Apart from the manga and anime, Mitsuki appears in the Boruto light novels. He is also a playable character in the fighting game Naruto Shippuden: Ultimate Ninja Storm 4 (2016). He also appears in an original video animation where Team Konohamaru is sent to stop an apparent thief. He is also playable in the video game Naruto to Boruto: Shinobi Striker (2018). Mitsuki is the son of Orochimaru.

==Reception==
Critical reception to Mitsuki's character has been mixed based on his limited appearances in the film's story as well as his role in the printed and animated series. Thais Valdivia of Hobby Consolas stated that while Mitsuki's characterization was not properly executed in the film due to his limited appearances, his post-credit scenes would surprise the audience because of the revelation behind his heritage. The Fandom Post writer Chris Homer expressed a similar belief regarding the limited exploration of Mitsuki's character until the film's ending. Toon Zone felt that Mitsuki and Sarada provided good contrasts to Boruto in the film and also praised Robbie Daymond for his work as Mitsuki's English voice actor. Similarly, Amy McNulty of Anime News Network praised Daymond's performance, saying that while being "calm, collected, and oftentimes emotionless, the voice helps lend the character much of his mystery". Sarah Nelkin of Anime Now felt Mitsuki had no development in the film despite being a recurring fighter supporting the lead character.
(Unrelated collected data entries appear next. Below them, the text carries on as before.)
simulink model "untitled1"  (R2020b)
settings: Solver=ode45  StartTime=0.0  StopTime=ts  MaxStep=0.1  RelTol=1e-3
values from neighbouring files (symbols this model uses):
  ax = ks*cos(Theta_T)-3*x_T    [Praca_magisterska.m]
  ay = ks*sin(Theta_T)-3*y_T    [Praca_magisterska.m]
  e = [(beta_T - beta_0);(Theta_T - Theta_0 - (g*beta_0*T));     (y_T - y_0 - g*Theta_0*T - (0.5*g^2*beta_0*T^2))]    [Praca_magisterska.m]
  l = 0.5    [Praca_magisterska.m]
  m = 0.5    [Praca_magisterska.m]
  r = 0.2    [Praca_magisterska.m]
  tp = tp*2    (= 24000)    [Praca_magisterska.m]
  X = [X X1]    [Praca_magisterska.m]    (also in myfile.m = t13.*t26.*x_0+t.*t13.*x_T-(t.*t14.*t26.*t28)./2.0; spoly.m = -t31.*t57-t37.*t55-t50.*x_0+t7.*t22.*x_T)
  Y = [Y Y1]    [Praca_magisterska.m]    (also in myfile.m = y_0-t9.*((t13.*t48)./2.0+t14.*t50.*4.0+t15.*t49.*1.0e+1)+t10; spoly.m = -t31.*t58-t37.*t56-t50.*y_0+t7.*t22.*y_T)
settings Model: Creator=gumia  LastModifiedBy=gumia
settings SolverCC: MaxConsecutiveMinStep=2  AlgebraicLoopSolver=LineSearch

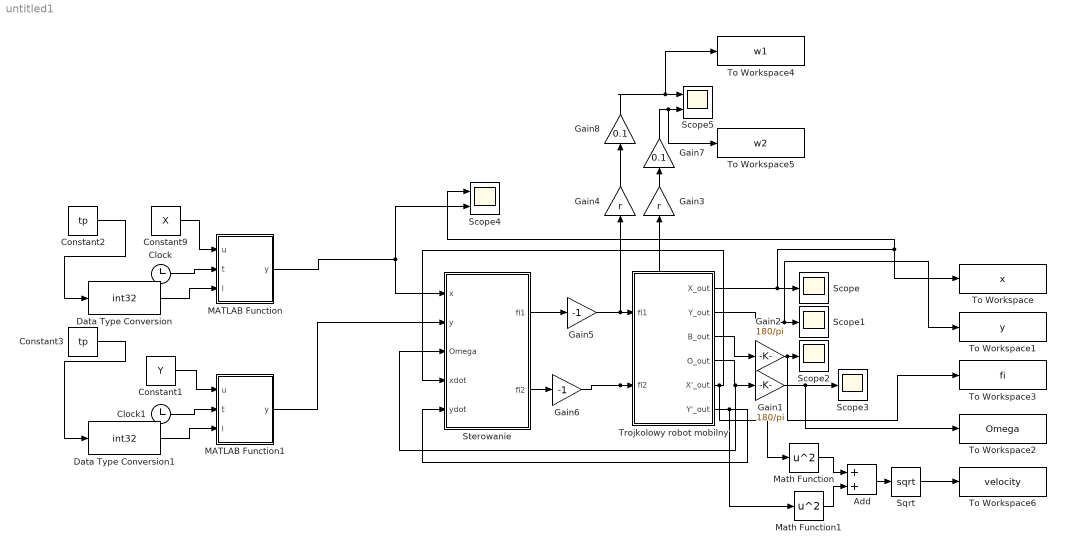
== system untitled1 ==
  Add : Sum
  Clock : Clock
  Clock1 : Clock
  Constant1 : Constant  Value=Y
  Constant2 : Constant  Value=tp
  Constant3 : Constant  Value=tp
  Constant9 : Constant  Value=X
  Data Type Conversion : DataTypeConversion  OutDataTypeStr=int32
  Data Type Conversion1 : DataTypeConversion  OutDataTypeStr=int32
  Gain1 : Gain  Gain=180/pi
  Gain2 : Gain  Gain=180/pi
  Gain3 : Gain  Gain=r
  Gain4 : Gain  Gain=r
  Gain5 : Gain  Gain=-1
  Gain6 : Gain  Gain=-1
  Gain7 : Gain  Gain=0.1
  Gain8 : Gain  Gain=0.1
  MATLAB Function : MATLAB Function  TreatAsAtomicUnit=on
  MATLAB Function1 : MATLAB Function  TreatAsAtomicUnit=on
  Math Function : Math  Operator=square  SaturateOnIntegerOverflow=on
  Math Function1 : Math  Operator=square  SaturateOnIntegerOverflow=on
  Scope{,1..3} (4 alike) : Scope
  Scope4 : Scope  NumInputPorts=2
  Scope5 : Scope  NumInputPorts=2
  Sqrt : Sqrt  SaturateOnIntegerOverflow=on
  Sterowanie : Subsystem
  To Workspace : ToWorkspace  VariableName=x  SampleTime=-1
      settings: Save2DSignal=2-D array (concatenate along first dimension)
  To Workspace1 : ToWorkspace  VariableName=y  SampleTime=-1
      settings: Save2DSignal=2-D array (concatenate along first dimension)
  To Workspace2 : ToWorkspace  VariableName=Omega  SampleTime=-1
      settings: Save2DSignal=2-D array (concatenate along first dimension)
  To Workspace3 : ToWorkspace  VariableName=fi  SampleTime=-1
      settings: Save2DSignal=2-D array (concatenate along first dimension)
  To Workspace4 : ToWorkspace  VariableName=w1  SampleTime=-1
      settings: Save2DSignal=2-D array (concatenate along first dimension)
  To Workspace5 : ToWorkspace  VariableName=w2  SampleTime=-1
      settings: Save2DSignal=2-D array (concatenate along first dimension)
  To Workspace6 : ToWorkspace  VariableName=velocity  SampleTime=-1
      settings: Save2DSignal=2-D array (concatenate along first dimension)
  Trojkolowy robot mobilny : Subsystem  mask{r=r, l=l, m=m, e=e}
      mask prompts: r "Promien kola napedowego"; l "Szerokosc modelu"; m "Odleglosc osi od kola sterowego"; e "Odleglosc osi od punktu sledzenia traj"
  wires:
  Sterowanie/1("fi1 ") -> Gain5/1
  Sterowanie/2(fi2) -> Gain6/1
  Trojkolowy robot mobilny/1(X_out) -> To Workspace/1, Scope4/1, Scope/1
  Trojkolowy robot mobilny/3(B_out) -> Gain2/1
  Gain2/1 -> To Workspace3/1, Scope2/1
  Trojkolowy robot mobilny/4(O_out) -> Gain1/1, Sterowanie/3(Omega)
  Trojkolowy robot mobilny/6(Y'_out) -> Math Function1/1, Sterowanie/5("ydot ")
  Trojkolowy robot mobilny/5(X'_out) -> Math Function/1, Sterowanie/4(xdot)
  Trojkolowy robot mobilny/2(Y_out) -> To Workspace1/1, Scope1/1
  Constant2/1 -> Data Type Conversion/1
  Data Type Conversion/1 -> MATLAB Function/3(l)
  Clock/1 -> MATLAB Function/2(t)
  Constant3/1 -> Data Type Conversion1/1
  Data Type Conversion1/1 -> MATLAB Function1/3(l)
  Clock1/1 -> MATLAB Function1/2(t)
  MATLAB Function1/1(y) -> Sterowanie/2("y ")
  MATLAB Function/1(y) -> Sterowanie/1(x), Scope4/2
  Gain4/1 -> Gain8/1
  Gain3/1 -> Gain7/1
  Gain1/1 -> Scope3/1, To Workspace2/1
  Gain5/1 -> Gain4/1, Trojkolowy robot mobilny/1(fi1)
  Gain6/1 -> Gain3/1, Trojkolowy robot mobilny/2("fi2 ")
  Constant1/1 -> MATLAB Function1/1(u)
  Constant9/1 -> MATLAB Function/1(u)
  Math Function/1 -> Add/1
  Math Function1/1 -> Add/2
  Add/1 -> Sqrt/1
  Sqrt/1 -> To Workspace6/1
  Gain8/1 -> To Workspace4/1, Scope5/1
  Gain7/1 -> To Workspace5/1, Scope5/2

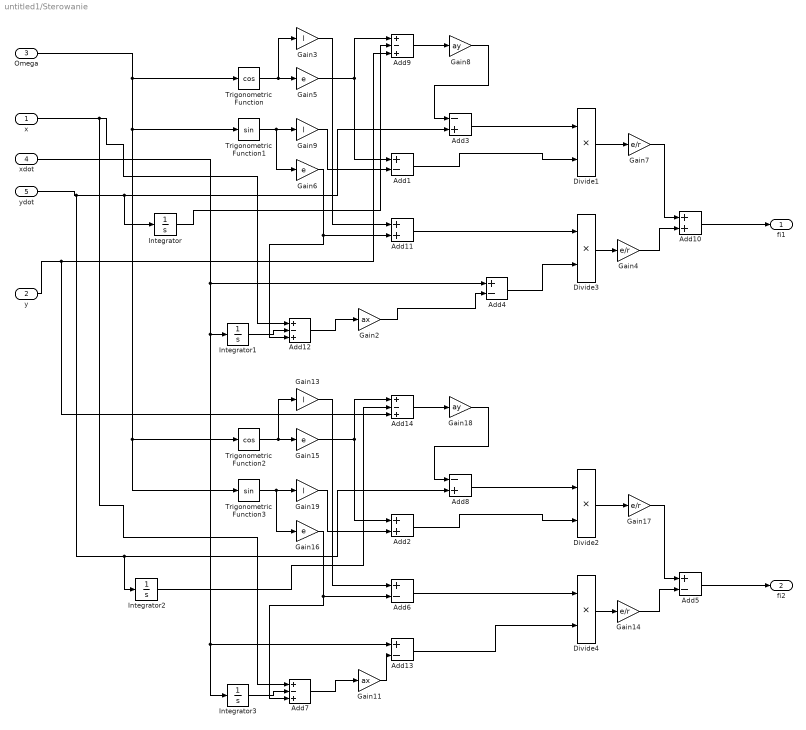
== system untitled1/Sterowanie ==
  x : Inport
  "y " : Inport  Port=2
  Omega : Inport  Port=3
  xdot : Inport  Port=4
  "ydot " : Inport  Port=5
  Add{1,4..6,13} (5 alike) : Sum  Inputs=+-
  Add10 : Sum
  Add11 : Sum
  Add{7,9,12,14} (4 alike) : Sum  Inputs=+-+
  Add2 : Sum
  Add3 : Sum  Inputs=-+
  Add8 : Sum  Inputs=-+
  Divide{1..4} (4 alike) : Product  Inputs=**
  Gain11 : Gain  Gain=ax
  Gain{3,9,13,19} (4 alike) : Gain  Gain=l
  Gain{4,7,14,17} (4 alike) : Gain  Gain=e/r
  Gain{5..6,15..16} (4 alike) : Gain  Gain=e
  Gain18 : Gain  Gain=ay
  Gain2 : Gain  Gain=ax
  Gain8 : Gain  Gain=ay
  Integrator{,1..3} (4 alike) : Integrator
  Trigonometric Function : Trigonometry  Operator=cos
  Trigonometric Function1 : Trigonometry
  Trigonometric Function2 : Trigonometry  Operator=cos
  Trigonometric Function3 : Trigonometry
  "fi1 " : Outport
  fi2 : Outport  Port=2
  wires:
  Trigonometric Function/1 -> Gain3/1, Gain5/1
  Gain5/1 -> Add1/1, Add9/1
  Integrator/1 -> Add9/2
  Add9/1 -> Gain8/1
  Gain8/1 -> Add3/1
  Add3/1 -> Divide1/1
  Trigonometric Function1/1 -> Gain6/1, Gain9/1
  Gain9/1 -> Add1/2
  Gain6/1 -> Add12/3, Add11/2
  Gain3/1 -> Add11/1
  Add1/1 -> Divide1/2
  Divide1/1 -> Gain7/1
  Gain7/1 -> Add10/1
  Add11/1 -> Divide3/1
  Integrator1/1 -> Add12/2
  Add12/1 -> Gain2/1
  Add4/1 -> Divide3/2
  Divide3/1 -> Gain4/1
  Gain4/1 -> Add10/2
  Add10/1 -> "fi1 "/1
  Omega/1 -> Trigonometric Function/1, Trigonometric Function1/1, Trigonometric Function3/1, Trigonometric Function2/1
  Add2/1 -> Divide2/2
  Gain19/1 -> Add2/2
  Gain18/1 -> Add8/1
  Trigonometric Function2/1 -> Gain13/1, Gain15/1
  Gain15/1 -> Add2/1, Add14/1
  Gain11/1 -> Add13/2
  Divide2/1 -> Gain17/1
  Add6/1 -> Divide4/1
  xdot/1 -> Add13/1, Integrator3/1, Integrator1/1, Add4/1
  Add8/1 -> Divide2/1
  "ydot "/1 -> Add8/2, Integrator2/1, Add3/2, Integrator/1
  Gain17/1 -> Add5/1
  Gain16/1 -> Add7/3, Add6/2
  x/1 -> Add7/1, Add12/1
  Add14/1 -> Gain18/1
  "y "/1 -> Add14/3, Add9/3
  Gain13/1 -> Add6/1
  Trigonometric Function3/1 -> Gain16/1, Gain19/1
  Divide4/1 -> Gain14/1
  Add7/1 -> Gain11/1
  Integrator3/1 -> Add7/2
  Add5/1 -> fi2/1
  Gain14/1 -> Add5/2
  Integrator2/1 -> Add14/2
  Add13/1 -> Divide4/2
  Gain2/1 -> Add4/2

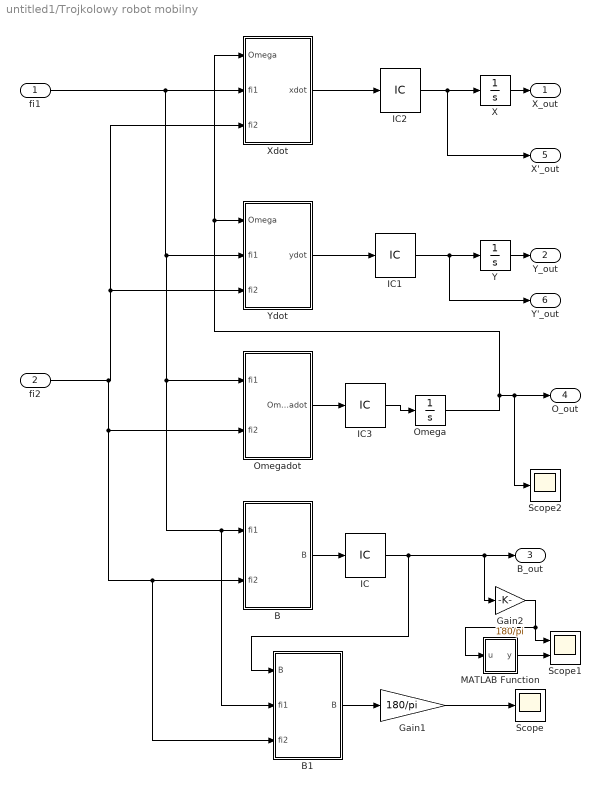
== system untitled1/Trojkolowy robot mobilny ==
  fi1 : Inport
  "fi2 " : Inport  Port=2
  B : Subsystem
  B1 : Subsystem
  Gain1 : Gain  Gain=180/pi
  Gain2 : Gain  Gain=180/pi
  IC{,1..3} (4 alike) : InitialCondition  Value=0
  MATLAB Function : MATLAB Function  TreatAsAtomicUnit=on
  Omega : Integrator
  Omegadot : Subsystem
  Scope : Scope
  Scope1 : Scope  NumInputPorts=2
  Scope2 : Scope
  X : Integrator
  Xdot : Subsystem
  Y : Integrator
  Ydot : Subsystem
  X_out : Outport
  Y_out : Outport  Port=2
  B_out : Outport  Port=3
  O_out : Outport  Port=4
  X'_out : Outport  Port=5
  Y'_out : Outport  Port=6
  wires:
  B/1("B ") -> IC/1
  Xdot/1("xdot ") -> IC2/1
  IC1/1 -> Y'_out/1, Y/1
  Ydot/1("ydot ") -> IC1/1
  fi1/1 -> B1/2(fi1), B/1(fi1), Omegadot/1(fi1), Ydot/2(fi1), Xdot/2(fi1)
  Y/1 -> Y_out/1
  IC2/1 -> X'_out/1, X/1
  X/1 -> X_out/1
  "fi2 "/1 -> B1/3("fi2 "), B/2("fi2 "), Omegadot/2("fi2 "), Ydot/3("fi2 "), Xdot/3("fi2 ")
  B1/1("B ") -> Gain1/1
  Gain1/1 -> Scope/1
  Gain2/1 -> MATLAB Function/1(u), Scope1/1
  IC/1 -> B1/1(B), B_out/1, Gain2/1
  MATLAB Function/1(y) -> Scope1/2
  Omegadot/1("Omegadot ") -> IC3/1
  Omega/1 -> Scope2/1, O_out/1, Xdot/1(Omega), Ydot/1(Omega)
  IC3/1 -> Omega/1

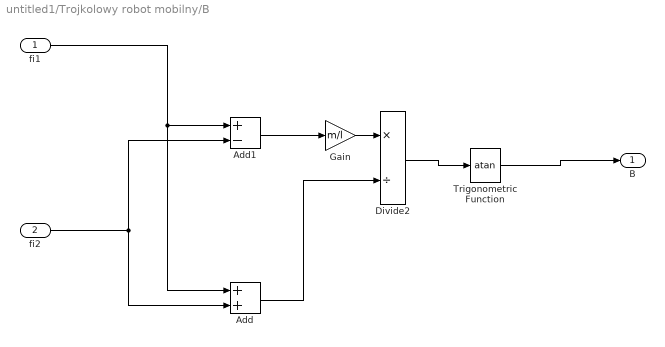
== system untitled1/Trojkolowy robot mobilny/B ==
  fi1 : Inport
  "fi2 " : Inport  Port=2
  Add : Sum
  Add1 : Sum  Inputs=+-
  Divide2 : Product  Inputs=*/
  Gain : Gain  Gain=m/l
  Trigonometric Function : Trigonometry  Operator=atan
  "B " : Outport
  wires:
  "fi2 "/1 -> Add1/2, Add/2
  Add1/1 -> Gain/1
  Divide2/1 -> Trigonometric Function/1
  Gain/1 -> Divide2/1
  Add/1 -> Divide2/2
  fi1/1 -> Add1/1, Add/1
  Trigonometric Function/1 -> "B "/1

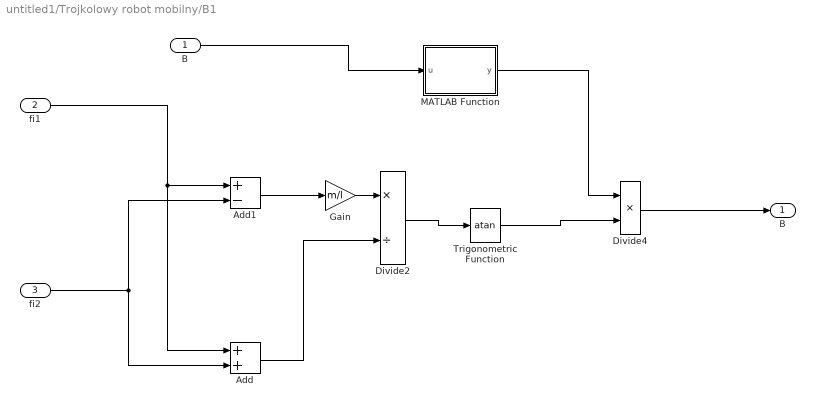
== system untitled1/Trojkolowy robot mobilny/B1 ==
  B : Inport
  fi1 : Inport  Port=2
  "fi2 " : Inport  Port=3
  Add : Sum
  Add1 : Sum  Inputs=+-
  Divide2 : Product  Inputs=*/
  Divide4 : Product  Inputs=**
  Gain : Gain  Gain=m/l
  MATLAB Function : MATLAB Function  TreatAsAtomicUnit=on
  Trigonometric Function : Trigonometry  Operator=atan
  "B " : Outport
  wires:
  B/1 -> MATLAB Function/1(u)
  MATLAB Function/1(y) -> Divide4/1
  Divide4/1 -> "B "/1
  Add/1 -> Divide2/2
  fi1/1 -> Add1/1, Add/1
  Trigonometric Function/1 -> Divide4/2
  Add1/1 -> Gain/1
  Divide2/1 -> Trigonometric Function/1
  Gain/1 -> Divide2/1
  "fi2 "/1 -> Add1/2, Add/2

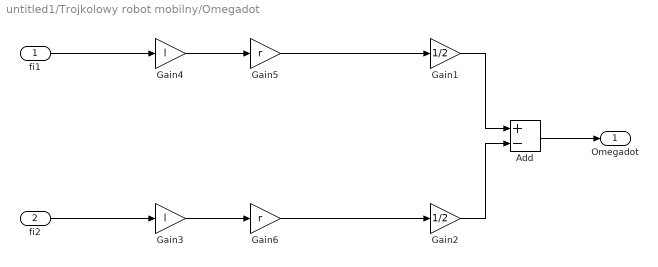
== system untitled1/Trojkolowy robot mobilny/Omegadot ==
  fi1 : Inport
  "fi2 " : Inport  Port=2
  Add : Sum  Inputs=+-
  Gain1 : Gain  Gain=1/2
  Gain2 : Gain  Gain=1/2
  Gain3 : Gain  Gain=l
  Gain4 : Gain  Gain=l
  Gain5 : Gain  Gain=r
  Gain6 : Gain  Gain=r
  "Omegadot " : Outport
  wires:
  Add/1 -> "Omegadot "/1
  fi1/1 -> Gain4/1
  "fi2 "/1 -> Gain3/1
  Gain3/1 -> Gain6/1
  Gain2/1 -> Add/2
  Gain1/1 -> Add/1
  Gain4/1 -> Gain5/1
  Gain5/1 -> Gain1/1
  Gain6/1 -> Gain2/1

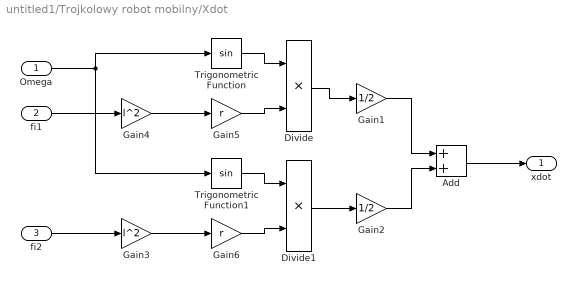
== system untitled1/Trojkolowy robot mobilny/Xdot ==
  Omega : Inport
  fi1 : Inport  Port=2
  "fi2 " : Inport  Port=3
  Add : Sum
  Divide : Product  Inputs=**
  Divide1 : Product  Inputs=**
  Gain1 : Gain  Gain=1/2
  Gain2 : Gain  Gain=1/2
  Gain3 : Gain  Gain=l^2
  Gain4 : Gain  Gain=l^2
  Gain5 : Gain  Gain=r
  Gain6 : Gain  Gain=r
  Trigonometric Function : Trigonometry
  Trigonometric Function1 : Trigonometry
  "xdot " : Outport
  wires:
  Omega/1 -> Trigonometric Function1/1, Trigonometric Function/1
  Trigonometric Function1/1 -> Divide1/1
  Trigonometric Function/1 -> Divide/1
  Add/1 -> "xdot "/1
  fi1/1 -> Gain4/1
  Divide1/1 -> Gain2/1
  Gain2/1 -> Add/2
  Divide/1 -> Gain1/1
  Gain1/1 -> Add/1
  Gain4/1 -> Gain5/1
  Gain5/1 -> Divide/2
  Gain3/1 -> Gain6/1
  Gain6/1 -> Divide1/2
  "fi2 "/1 -> Gain3/1

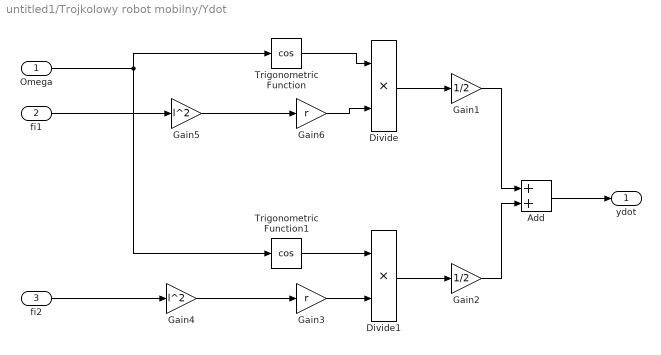
== system untitled1/Trojkolowy robot mobilny/Ydot ==
  Omega : Inport
  fi1 : Inport  Port=2
  "fi2 " : Inport  Port=3
  Add : Sum
  Divide : Product  Inputs=**
  Divide1 : Product  Inputs=**
  Gain1 : Gain  Gain=1/2
  Gain2 : Gain  Gain=1/2
  Gain3 : Gain  Gain=r
  Gain4 : Gain  Gain=l^2
  Gain5 : Gain  Gain=l^2
  Gain6 : Gain  Gain=r
  Trigonometric Function : Trigonometry  Operator=cos
  Trigonometric Function1 : Trigonometry  Operator=cos
  "ydot " : Outport
  wires:
  Trigonometric Function1/1 -> Divide1/1
  Trigonometric Function/1 -> Divide/1
  Omega/1 -> Trigonometric Function/1, Trigonometric Function1/1
  Add/1 -> "ydot "/1
  Divide1/1 -> Gain2/1
  Gain2/1 -> Add/2
  Divide/1 -> Gain1/1
  Gain1/1 -> Add/1
  fi1/1 -> Gain5/1
  Gain5/1 -> Gain6/1
  Gain6/1 -> Divide/2
  "fi2 "/1 -> Gain4/1
  Gain4/1 -> Gain3/1
  Gain3/1 -> Divide1/2

== matlab function untitled1/MATLAB Function ==
  data: u input; y output; t input; l input
function y = fcn(u,t,l)


if l >= int32(t*10+1)

    x = u(int32(t*10+1));
    
else
    
   x =u(end);
end
y = x;

== matlab function untitled1/Trojkolowy robot mobilny/B1/MATLAB Function ==
  data: u input; y output
function y = fcn(u)
y = sign(u);
y = u;

== matlab function untitled1/Trojkolowy robot mobilny/MATLAB Function ==
  data: u input; y output
function y = fcn(u)
windowSize = 5; 
b = (1/windowSize)*ones(1,windowSize);
a = 0.5;
k = filter(b,a,u);
y = k;

== matlab function untitled1/MATLAB Function1 ==
  data: u input; y output; t input; l input
function y = fcn(u,t,l)
 
if l >= int32(t*10+1)

    x = u(int32(t*10+1));
    
else
    
   x =u(end);
end
y = x;

Once Mitsuki's past was explored in Masashi Kishimoto's one-shot manga, McNulty felt his origins were engaging, but at the same time not completely explained, and believed this was due to the ambiguous nature of the one-shot. Similarly, Melina Dargis, another The Fandom Post writer, considered Mitsuki's chapter the best in the first volume of the Boruto manga due to his connections with Orochimaru, and she felt it could have been used in the film. Nik Freeman of Anime News Network found Mitsuki's backstory one of the best in the franchise's history because it was not a rehash of prior story arcs. Rebecca Silverman of the same site wondered how Mitsuki's origins might clash with Boruto's as the series' main theme due to the issues they both face: the relationship between children and their parents.

After Mitsuki had debuted in the Boruto anime television series, McNulty wrote that while his introduction was overshadowed by the episode's focus on his ninja academy teacher Shino Aburame, his role fitted into the story and she still found him mysterious. She also praised his actions in the episode as well as his interactions with Boruto. Sam Stewart of IGN had similar thoughts, saying that, like Sarada, Mitsuki was not properly introduced in his debut because the plot focused on Shino. In a later review, McNulty considered Mitsuki and Boruto's fight against the Ghost culprit, Sumire Kakehi, one of the best in the Boruto anime. Stewart agreed, saying that the fight was well-animated despite there being minor issues with the animation in other parts from the sequence. Nelkin felt the series succeeded in exploring more of Mitsuki, which was needed considering his minor role in the film. The writer additionally compared him with Naruto character Sai since both rarely express their emotions during their introductions into the series. Nelkin also described Mitsuki as a "character that is growing as a person as he spends time with his comrades", the teenagers attending the ninja academy. In poll from 2021, Mitsuki was voted as the eighth best character from Boruto: Naruto Next Generations.